Что я мог ответить, Ферсит? Я сказал: «Да, Гилас. Да». –

«Ты разрушишь ее, ведь правда?» – он схватил меня за руку

прохладными влажными пальцами – и, глядя ему в глаза,

зеленые и прозрачные, как протекшие годы,

я повторил: «Да, Гилас. Разрушу. Клянусь Гераклом!»

пальцы его разжались, он побледнел еще больше

и, отступив на шаг, прошептал: «Спасибо тебе.

Значит, он не будет сердиться. Значит, он еще к нам вернется.

До свидания, Нестор. Мне пора. Я буду вас ждать».

И с неуверенною улыбкой он повернулся спиною

к городу и ко мне, заскользив к своему ручью –

и исчез.

         Я знаю, ты скажешь, что это действительно был

какой-то подпасок с Иды – с такого, мол, все началось, –

что я выжил из ума и сам это все придумал,

а если и не придумал, то не могу не знать,

что не нам сегодня решать – придет Геракл или нет.

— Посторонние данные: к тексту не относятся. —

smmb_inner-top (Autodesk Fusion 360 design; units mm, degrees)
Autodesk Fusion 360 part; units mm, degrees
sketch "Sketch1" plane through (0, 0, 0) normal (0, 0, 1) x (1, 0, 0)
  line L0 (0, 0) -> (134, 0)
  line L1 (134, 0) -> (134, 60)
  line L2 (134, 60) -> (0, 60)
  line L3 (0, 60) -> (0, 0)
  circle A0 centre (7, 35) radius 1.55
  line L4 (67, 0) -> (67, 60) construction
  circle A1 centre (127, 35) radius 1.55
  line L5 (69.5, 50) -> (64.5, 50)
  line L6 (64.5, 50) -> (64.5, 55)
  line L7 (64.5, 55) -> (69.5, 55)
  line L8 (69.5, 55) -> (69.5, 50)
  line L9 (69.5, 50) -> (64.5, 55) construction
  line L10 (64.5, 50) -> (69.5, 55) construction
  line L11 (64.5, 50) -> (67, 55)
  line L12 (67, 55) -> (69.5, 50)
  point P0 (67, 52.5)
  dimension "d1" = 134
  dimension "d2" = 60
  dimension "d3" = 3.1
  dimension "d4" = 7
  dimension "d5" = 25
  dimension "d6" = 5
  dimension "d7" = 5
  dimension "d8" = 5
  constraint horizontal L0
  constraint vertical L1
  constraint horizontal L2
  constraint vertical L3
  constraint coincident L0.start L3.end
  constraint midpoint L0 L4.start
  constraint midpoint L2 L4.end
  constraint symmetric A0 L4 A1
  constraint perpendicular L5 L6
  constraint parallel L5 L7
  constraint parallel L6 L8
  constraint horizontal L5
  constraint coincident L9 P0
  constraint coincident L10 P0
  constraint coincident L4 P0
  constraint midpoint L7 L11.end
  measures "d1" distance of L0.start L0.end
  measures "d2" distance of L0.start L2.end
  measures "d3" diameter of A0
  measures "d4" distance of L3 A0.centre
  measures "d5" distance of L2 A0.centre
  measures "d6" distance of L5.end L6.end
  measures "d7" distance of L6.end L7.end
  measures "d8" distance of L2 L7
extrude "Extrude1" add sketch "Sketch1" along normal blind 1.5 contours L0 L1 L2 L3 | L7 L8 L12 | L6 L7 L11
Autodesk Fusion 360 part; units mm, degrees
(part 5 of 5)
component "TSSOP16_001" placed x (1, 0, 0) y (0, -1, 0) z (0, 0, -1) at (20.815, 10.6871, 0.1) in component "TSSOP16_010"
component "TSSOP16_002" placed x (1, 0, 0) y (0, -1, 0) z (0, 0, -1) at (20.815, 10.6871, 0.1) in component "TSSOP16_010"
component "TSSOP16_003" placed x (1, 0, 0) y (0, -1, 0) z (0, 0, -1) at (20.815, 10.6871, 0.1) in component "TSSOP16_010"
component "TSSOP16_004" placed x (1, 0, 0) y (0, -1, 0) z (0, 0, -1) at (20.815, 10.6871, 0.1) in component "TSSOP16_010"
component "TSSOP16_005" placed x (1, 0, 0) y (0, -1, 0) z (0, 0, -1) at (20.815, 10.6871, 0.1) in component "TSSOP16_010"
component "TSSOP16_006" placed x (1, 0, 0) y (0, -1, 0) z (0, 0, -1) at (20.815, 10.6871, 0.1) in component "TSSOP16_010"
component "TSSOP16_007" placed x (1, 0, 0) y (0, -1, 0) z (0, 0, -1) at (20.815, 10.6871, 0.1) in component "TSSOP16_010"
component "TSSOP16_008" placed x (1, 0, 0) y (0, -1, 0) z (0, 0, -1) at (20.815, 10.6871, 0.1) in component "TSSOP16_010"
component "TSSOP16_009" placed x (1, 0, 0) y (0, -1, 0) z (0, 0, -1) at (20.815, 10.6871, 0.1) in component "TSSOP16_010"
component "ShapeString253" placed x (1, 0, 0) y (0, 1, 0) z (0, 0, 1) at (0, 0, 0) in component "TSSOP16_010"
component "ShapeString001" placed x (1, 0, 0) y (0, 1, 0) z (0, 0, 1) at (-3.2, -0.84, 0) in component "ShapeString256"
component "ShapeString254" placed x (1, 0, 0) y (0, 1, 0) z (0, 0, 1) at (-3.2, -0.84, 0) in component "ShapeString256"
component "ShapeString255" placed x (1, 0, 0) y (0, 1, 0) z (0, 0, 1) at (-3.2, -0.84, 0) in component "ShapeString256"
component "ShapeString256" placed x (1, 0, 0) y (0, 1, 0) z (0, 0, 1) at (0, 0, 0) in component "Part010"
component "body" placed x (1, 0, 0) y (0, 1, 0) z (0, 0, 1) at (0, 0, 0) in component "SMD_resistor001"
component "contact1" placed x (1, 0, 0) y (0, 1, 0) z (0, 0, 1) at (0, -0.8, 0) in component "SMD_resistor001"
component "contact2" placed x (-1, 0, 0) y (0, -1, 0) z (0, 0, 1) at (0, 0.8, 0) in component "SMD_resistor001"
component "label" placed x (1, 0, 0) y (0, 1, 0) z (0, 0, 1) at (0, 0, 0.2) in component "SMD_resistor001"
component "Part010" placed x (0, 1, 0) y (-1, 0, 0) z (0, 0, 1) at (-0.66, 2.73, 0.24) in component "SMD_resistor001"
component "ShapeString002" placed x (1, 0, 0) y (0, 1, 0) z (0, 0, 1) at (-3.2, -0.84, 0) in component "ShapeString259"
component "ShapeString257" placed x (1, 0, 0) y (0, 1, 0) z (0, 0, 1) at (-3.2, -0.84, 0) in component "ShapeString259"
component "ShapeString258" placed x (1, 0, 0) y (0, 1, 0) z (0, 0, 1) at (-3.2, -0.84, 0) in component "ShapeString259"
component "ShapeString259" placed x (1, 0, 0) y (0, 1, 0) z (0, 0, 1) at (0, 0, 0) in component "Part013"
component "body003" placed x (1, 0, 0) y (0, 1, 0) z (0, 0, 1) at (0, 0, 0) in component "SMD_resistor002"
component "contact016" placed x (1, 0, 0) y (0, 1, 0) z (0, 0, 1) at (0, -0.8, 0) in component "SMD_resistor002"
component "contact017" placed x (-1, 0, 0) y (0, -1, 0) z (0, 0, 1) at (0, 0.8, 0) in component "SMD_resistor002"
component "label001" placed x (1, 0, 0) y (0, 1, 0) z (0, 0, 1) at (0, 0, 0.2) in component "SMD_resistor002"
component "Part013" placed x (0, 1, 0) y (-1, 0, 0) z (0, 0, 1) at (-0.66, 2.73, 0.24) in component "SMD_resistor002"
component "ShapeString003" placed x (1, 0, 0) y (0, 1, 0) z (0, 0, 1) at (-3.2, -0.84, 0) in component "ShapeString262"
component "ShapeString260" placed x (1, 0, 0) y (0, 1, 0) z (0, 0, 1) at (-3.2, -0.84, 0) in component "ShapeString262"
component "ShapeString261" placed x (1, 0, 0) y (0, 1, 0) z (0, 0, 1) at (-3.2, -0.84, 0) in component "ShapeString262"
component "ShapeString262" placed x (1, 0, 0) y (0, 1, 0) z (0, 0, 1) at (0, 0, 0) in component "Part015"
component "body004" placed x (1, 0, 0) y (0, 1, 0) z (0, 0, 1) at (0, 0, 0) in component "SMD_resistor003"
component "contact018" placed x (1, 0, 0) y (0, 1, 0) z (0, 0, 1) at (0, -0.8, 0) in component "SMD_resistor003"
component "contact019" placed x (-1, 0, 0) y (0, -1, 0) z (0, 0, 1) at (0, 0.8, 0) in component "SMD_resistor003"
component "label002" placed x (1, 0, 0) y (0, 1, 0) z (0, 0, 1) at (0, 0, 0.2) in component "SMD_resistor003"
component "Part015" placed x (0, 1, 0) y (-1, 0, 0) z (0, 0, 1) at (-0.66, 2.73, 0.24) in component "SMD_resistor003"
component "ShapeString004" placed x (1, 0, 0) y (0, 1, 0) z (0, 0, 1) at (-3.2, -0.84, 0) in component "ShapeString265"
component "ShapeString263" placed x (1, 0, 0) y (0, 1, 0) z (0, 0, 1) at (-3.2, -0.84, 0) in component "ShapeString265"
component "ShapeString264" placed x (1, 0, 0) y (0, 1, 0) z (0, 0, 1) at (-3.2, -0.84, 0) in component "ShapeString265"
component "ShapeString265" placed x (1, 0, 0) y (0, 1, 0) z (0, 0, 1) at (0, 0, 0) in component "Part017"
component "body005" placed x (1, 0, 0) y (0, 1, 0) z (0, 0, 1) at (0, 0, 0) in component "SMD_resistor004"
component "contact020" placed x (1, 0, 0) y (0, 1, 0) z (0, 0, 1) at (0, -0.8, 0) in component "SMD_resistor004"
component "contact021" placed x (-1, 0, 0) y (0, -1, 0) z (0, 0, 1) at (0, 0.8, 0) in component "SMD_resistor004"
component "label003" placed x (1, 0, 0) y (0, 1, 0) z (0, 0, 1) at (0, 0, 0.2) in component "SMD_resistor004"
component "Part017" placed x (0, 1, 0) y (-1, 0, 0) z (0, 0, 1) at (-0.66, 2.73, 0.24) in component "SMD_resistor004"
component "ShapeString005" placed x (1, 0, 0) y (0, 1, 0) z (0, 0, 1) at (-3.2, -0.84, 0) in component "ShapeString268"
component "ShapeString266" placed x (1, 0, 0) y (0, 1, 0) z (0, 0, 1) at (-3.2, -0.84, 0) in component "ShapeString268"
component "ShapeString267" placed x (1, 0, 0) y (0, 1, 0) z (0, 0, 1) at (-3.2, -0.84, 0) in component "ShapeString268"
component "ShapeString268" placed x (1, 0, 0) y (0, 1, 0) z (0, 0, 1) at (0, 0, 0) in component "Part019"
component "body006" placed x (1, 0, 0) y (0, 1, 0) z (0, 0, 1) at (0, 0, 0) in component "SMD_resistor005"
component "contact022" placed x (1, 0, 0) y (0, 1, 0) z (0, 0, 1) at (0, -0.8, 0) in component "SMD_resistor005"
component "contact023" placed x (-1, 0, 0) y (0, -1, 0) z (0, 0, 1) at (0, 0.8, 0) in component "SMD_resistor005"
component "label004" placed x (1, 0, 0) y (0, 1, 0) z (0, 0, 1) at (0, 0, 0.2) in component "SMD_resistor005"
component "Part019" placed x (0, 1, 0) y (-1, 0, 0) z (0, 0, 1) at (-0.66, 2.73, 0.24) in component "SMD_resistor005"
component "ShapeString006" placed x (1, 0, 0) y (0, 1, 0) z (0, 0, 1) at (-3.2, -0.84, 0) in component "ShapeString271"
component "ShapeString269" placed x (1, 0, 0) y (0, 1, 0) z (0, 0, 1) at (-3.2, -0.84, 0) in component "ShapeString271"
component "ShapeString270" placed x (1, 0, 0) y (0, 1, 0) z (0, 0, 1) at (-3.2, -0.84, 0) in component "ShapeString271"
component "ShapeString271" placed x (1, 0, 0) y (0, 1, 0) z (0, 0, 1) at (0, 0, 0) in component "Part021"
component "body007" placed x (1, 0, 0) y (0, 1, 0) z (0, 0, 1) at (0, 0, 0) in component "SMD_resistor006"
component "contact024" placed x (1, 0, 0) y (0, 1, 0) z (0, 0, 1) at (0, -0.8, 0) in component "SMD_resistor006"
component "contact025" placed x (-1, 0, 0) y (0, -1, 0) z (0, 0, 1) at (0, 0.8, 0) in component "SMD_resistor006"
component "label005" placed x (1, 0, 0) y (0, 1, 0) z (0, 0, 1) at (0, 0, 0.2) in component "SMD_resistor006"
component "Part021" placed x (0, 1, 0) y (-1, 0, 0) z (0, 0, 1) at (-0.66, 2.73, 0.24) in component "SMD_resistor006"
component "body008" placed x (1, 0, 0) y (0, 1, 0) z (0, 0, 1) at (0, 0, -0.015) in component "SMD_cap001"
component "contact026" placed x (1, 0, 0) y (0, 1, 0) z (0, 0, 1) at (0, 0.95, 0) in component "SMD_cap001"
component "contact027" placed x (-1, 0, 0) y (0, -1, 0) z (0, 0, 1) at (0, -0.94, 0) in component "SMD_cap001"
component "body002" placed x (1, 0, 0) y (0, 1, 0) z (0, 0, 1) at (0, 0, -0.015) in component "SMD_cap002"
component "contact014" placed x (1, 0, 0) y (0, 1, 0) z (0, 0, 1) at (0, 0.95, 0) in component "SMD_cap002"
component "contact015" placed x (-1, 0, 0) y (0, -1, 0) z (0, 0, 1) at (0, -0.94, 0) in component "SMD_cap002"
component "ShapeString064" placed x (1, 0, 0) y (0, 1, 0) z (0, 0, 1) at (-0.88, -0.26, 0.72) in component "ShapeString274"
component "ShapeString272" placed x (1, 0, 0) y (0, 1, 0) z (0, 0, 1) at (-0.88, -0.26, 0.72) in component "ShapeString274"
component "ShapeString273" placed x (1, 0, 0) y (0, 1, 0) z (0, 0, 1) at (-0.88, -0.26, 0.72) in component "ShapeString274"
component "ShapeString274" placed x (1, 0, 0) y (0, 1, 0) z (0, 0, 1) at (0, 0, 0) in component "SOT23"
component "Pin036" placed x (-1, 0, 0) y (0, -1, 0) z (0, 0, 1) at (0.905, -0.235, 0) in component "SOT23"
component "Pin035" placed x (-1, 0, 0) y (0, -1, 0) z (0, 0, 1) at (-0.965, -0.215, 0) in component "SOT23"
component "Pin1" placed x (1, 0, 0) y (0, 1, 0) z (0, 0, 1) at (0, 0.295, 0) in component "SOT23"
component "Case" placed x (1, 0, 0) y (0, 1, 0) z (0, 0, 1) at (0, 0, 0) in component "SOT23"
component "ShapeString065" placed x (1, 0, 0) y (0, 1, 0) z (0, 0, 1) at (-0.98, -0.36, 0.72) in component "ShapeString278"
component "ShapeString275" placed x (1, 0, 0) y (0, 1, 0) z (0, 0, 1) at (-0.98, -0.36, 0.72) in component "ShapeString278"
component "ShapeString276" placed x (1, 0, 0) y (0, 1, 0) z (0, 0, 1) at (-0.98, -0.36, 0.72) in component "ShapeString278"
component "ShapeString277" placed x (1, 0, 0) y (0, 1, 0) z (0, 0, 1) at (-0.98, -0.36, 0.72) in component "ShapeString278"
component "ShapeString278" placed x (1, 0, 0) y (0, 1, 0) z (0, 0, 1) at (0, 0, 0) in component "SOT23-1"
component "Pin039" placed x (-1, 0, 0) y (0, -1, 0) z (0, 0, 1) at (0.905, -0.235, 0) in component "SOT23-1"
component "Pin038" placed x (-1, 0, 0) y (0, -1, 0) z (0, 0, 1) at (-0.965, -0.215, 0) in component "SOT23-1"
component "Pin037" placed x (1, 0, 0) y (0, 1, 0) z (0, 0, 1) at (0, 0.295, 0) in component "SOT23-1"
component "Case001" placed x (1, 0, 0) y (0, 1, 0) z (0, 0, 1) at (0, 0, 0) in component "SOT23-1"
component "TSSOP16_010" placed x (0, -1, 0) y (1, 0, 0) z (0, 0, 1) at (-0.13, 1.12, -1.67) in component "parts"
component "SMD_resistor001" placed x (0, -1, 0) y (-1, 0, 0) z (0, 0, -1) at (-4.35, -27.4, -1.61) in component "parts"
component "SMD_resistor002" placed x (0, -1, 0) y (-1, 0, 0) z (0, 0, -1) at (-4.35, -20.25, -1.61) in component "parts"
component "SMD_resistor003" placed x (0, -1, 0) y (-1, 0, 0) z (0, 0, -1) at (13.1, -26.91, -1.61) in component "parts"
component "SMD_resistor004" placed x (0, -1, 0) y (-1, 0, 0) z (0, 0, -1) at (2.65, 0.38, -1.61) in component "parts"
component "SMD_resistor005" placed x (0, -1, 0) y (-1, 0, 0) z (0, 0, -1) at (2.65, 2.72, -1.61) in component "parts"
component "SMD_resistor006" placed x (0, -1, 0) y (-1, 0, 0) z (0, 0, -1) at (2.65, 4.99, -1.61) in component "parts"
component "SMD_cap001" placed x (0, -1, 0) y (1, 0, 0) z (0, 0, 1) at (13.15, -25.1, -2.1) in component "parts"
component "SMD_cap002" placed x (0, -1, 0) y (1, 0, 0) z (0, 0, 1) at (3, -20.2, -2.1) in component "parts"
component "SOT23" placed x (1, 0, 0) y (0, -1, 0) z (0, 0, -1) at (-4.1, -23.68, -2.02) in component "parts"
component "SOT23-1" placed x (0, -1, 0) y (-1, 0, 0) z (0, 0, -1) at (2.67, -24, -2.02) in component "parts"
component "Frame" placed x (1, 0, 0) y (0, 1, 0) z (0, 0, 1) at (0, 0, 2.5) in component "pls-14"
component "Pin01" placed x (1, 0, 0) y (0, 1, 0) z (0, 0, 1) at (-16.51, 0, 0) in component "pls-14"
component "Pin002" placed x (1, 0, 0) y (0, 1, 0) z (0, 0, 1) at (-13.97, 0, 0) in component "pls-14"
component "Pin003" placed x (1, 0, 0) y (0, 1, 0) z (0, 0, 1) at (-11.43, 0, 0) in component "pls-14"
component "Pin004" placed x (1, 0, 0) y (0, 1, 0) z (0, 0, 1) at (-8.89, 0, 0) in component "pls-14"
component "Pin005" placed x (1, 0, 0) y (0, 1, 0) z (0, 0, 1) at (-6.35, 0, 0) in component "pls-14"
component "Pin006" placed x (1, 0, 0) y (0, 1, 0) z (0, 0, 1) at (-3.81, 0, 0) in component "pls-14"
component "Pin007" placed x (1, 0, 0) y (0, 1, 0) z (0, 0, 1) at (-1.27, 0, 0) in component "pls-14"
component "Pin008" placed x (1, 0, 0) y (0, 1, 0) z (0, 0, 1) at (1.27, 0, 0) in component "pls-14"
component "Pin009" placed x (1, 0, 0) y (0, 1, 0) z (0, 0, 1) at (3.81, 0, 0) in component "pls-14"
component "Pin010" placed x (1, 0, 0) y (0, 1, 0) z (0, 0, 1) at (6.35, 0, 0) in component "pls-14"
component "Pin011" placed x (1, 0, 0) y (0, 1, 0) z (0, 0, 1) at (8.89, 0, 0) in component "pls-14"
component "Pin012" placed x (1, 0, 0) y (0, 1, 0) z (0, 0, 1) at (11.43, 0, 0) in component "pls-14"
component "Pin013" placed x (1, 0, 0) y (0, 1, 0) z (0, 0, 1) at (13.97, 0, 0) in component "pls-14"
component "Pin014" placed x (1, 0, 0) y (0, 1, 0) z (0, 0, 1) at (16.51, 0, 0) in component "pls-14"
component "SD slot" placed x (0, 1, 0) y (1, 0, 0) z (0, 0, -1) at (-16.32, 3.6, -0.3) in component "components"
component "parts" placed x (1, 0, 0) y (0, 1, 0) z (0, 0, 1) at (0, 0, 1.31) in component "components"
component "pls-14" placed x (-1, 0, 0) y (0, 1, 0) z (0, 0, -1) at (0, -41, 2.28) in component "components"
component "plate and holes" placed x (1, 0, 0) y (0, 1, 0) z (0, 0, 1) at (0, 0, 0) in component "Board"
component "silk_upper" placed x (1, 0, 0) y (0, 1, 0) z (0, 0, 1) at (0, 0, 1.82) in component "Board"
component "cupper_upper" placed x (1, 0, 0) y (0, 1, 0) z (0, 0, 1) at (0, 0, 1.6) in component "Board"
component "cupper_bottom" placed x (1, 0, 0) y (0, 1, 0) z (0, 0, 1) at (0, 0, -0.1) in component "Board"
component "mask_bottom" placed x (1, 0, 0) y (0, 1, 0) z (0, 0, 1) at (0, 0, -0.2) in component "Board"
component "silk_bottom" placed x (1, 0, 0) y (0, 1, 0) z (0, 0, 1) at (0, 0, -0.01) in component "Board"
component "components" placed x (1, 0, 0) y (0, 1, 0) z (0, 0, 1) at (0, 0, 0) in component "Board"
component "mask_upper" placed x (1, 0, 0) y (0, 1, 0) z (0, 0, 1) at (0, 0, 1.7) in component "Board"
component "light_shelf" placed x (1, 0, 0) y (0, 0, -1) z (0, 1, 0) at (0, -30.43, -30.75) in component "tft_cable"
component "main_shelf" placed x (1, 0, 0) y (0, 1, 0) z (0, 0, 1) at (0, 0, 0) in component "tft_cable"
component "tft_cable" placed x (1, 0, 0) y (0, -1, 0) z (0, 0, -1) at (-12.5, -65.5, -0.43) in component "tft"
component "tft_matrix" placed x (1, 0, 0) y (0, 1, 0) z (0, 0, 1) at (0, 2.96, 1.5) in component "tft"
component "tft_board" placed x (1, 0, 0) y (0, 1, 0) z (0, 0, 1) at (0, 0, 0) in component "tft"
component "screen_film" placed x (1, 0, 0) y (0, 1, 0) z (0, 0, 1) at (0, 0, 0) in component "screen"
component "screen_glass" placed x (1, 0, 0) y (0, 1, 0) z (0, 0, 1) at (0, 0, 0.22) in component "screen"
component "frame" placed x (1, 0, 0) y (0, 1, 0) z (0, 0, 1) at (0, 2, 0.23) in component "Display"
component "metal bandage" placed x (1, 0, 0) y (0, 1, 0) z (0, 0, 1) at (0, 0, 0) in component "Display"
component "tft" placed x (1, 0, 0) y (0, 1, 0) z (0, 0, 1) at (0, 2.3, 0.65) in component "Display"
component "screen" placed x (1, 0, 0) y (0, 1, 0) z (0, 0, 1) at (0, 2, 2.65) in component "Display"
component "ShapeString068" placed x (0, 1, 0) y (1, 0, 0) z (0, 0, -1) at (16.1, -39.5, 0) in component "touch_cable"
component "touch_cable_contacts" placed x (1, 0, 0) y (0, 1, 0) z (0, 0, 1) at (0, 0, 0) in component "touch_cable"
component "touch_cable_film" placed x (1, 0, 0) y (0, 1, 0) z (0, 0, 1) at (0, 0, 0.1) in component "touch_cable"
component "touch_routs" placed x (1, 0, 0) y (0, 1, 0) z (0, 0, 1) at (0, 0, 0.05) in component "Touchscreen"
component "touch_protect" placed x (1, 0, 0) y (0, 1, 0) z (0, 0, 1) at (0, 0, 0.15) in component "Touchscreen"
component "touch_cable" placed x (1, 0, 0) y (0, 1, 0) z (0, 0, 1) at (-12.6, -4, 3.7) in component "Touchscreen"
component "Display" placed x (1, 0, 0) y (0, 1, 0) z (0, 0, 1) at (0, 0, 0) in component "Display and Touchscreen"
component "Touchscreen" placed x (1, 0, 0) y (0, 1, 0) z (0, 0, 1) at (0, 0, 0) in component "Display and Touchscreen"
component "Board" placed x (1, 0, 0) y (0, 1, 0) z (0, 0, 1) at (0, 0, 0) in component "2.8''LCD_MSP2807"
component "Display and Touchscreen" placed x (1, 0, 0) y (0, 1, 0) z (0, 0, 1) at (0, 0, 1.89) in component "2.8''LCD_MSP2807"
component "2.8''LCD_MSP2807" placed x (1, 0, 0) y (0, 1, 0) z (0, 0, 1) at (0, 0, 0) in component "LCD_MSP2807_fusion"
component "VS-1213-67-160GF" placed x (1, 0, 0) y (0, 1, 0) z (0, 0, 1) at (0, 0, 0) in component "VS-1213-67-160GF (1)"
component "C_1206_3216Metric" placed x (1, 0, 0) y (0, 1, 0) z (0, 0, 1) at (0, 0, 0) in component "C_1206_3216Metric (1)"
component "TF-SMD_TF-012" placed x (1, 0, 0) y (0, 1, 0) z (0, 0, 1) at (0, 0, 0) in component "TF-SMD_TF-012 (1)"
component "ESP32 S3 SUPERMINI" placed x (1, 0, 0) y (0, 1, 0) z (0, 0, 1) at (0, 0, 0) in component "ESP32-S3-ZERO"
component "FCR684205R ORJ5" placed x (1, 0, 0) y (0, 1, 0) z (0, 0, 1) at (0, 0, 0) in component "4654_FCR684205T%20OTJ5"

На Олимпе – другое время, а под водою – третье,

и, может быть, ты и прав. Но сейчас над стенами Трои

встанет сигнальный дым, и я поведу солдат

на приступ, чтобы добыть ненужную им победу,

и спасу подлеца Агамемнона, и погублю Приама...

Первая в жизни клятва, которую я давал,

была клятва Гераклу Гераклом, а последняя – эта,

и даже если ты захочешь остановить меня мечом или силой –

я убью тебя, слышишь, Ферсит?

    Ты слышишь. Ты понял. Конечно –

ты ведь тоже успел застать его. Какие мы все же старые,

какая тяжкая ноша – слишком долгая жизнь,

и снести ее можно только во имя чего-то, что когда-то выдумал сам...

Что там кричит дозорный? Дым? Дай мне рог, Ферсит!